- [Assignment] Set down the first line below and each line after it, ending with the one that holds "In plain terms, the". Pictures do not belong in the copy.

(Saved entries)
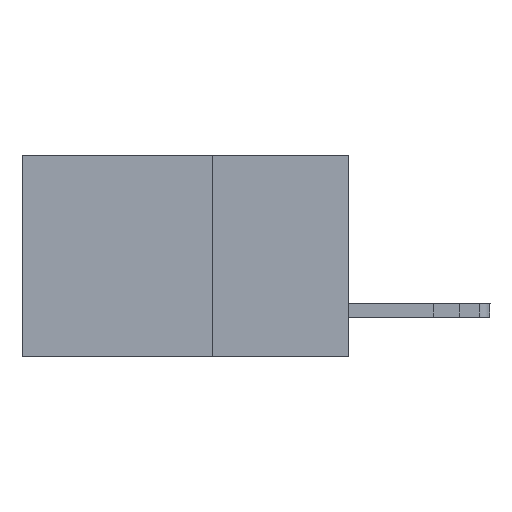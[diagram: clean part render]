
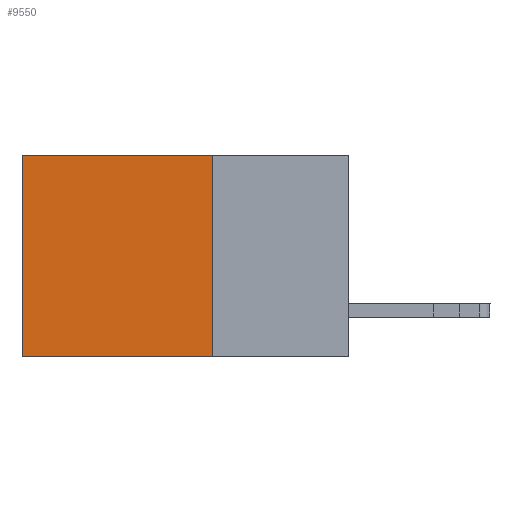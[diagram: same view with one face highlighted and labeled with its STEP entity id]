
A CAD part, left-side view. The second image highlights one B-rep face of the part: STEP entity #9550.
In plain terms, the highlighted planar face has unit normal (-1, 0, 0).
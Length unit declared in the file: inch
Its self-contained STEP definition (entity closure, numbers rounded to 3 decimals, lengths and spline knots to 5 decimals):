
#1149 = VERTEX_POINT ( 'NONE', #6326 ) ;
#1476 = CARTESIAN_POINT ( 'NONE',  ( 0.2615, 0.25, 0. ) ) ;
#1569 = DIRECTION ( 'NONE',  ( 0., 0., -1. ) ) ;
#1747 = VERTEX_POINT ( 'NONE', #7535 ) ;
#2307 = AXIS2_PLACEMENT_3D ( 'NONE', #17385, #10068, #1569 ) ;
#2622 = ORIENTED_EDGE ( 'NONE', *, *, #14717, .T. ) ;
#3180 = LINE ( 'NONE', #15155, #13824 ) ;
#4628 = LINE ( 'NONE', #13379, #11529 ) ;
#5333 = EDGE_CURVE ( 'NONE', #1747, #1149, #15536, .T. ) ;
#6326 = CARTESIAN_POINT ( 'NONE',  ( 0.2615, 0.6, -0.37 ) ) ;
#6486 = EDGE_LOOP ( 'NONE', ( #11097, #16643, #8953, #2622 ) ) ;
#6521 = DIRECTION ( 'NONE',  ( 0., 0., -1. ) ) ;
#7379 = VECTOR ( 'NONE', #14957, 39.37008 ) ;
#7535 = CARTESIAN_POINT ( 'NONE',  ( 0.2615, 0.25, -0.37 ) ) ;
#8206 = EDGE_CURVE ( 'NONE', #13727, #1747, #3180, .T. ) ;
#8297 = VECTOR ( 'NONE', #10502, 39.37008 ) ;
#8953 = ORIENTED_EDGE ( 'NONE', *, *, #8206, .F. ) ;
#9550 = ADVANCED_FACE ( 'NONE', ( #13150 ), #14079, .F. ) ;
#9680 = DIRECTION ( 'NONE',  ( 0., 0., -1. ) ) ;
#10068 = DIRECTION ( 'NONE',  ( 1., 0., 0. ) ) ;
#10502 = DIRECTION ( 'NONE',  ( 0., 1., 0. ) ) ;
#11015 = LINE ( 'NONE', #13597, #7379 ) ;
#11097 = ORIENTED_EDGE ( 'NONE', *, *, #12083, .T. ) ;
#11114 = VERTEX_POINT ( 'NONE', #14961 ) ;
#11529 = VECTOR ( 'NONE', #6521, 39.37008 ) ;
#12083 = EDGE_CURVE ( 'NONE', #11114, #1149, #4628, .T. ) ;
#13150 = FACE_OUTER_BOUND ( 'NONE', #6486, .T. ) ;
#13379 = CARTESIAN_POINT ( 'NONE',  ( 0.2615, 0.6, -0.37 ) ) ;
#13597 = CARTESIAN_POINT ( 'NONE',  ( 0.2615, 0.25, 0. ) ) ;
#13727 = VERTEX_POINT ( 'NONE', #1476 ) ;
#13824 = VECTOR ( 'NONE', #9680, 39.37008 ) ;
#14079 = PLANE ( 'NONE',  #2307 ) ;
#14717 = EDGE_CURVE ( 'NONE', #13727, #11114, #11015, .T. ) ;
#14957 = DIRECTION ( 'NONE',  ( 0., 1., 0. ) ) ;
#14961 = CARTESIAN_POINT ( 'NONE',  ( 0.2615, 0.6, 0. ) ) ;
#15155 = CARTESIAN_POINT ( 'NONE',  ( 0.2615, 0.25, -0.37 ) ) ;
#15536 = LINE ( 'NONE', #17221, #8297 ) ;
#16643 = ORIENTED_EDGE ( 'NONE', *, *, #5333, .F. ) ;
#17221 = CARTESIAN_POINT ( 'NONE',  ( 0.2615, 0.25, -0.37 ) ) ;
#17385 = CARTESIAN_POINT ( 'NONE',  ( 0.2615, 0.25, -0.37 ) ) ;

- [Answer to the exercise]
[diagram: clean part render]
[diagram: same view with one face highlighted and labeled with its STEP entity id]
A CAD part, left-side view. The second image highlights one B-rep face of the part: STEP entity #9550.
In plain terms, the highlighted planar face has unit normal (-1, 0, 0).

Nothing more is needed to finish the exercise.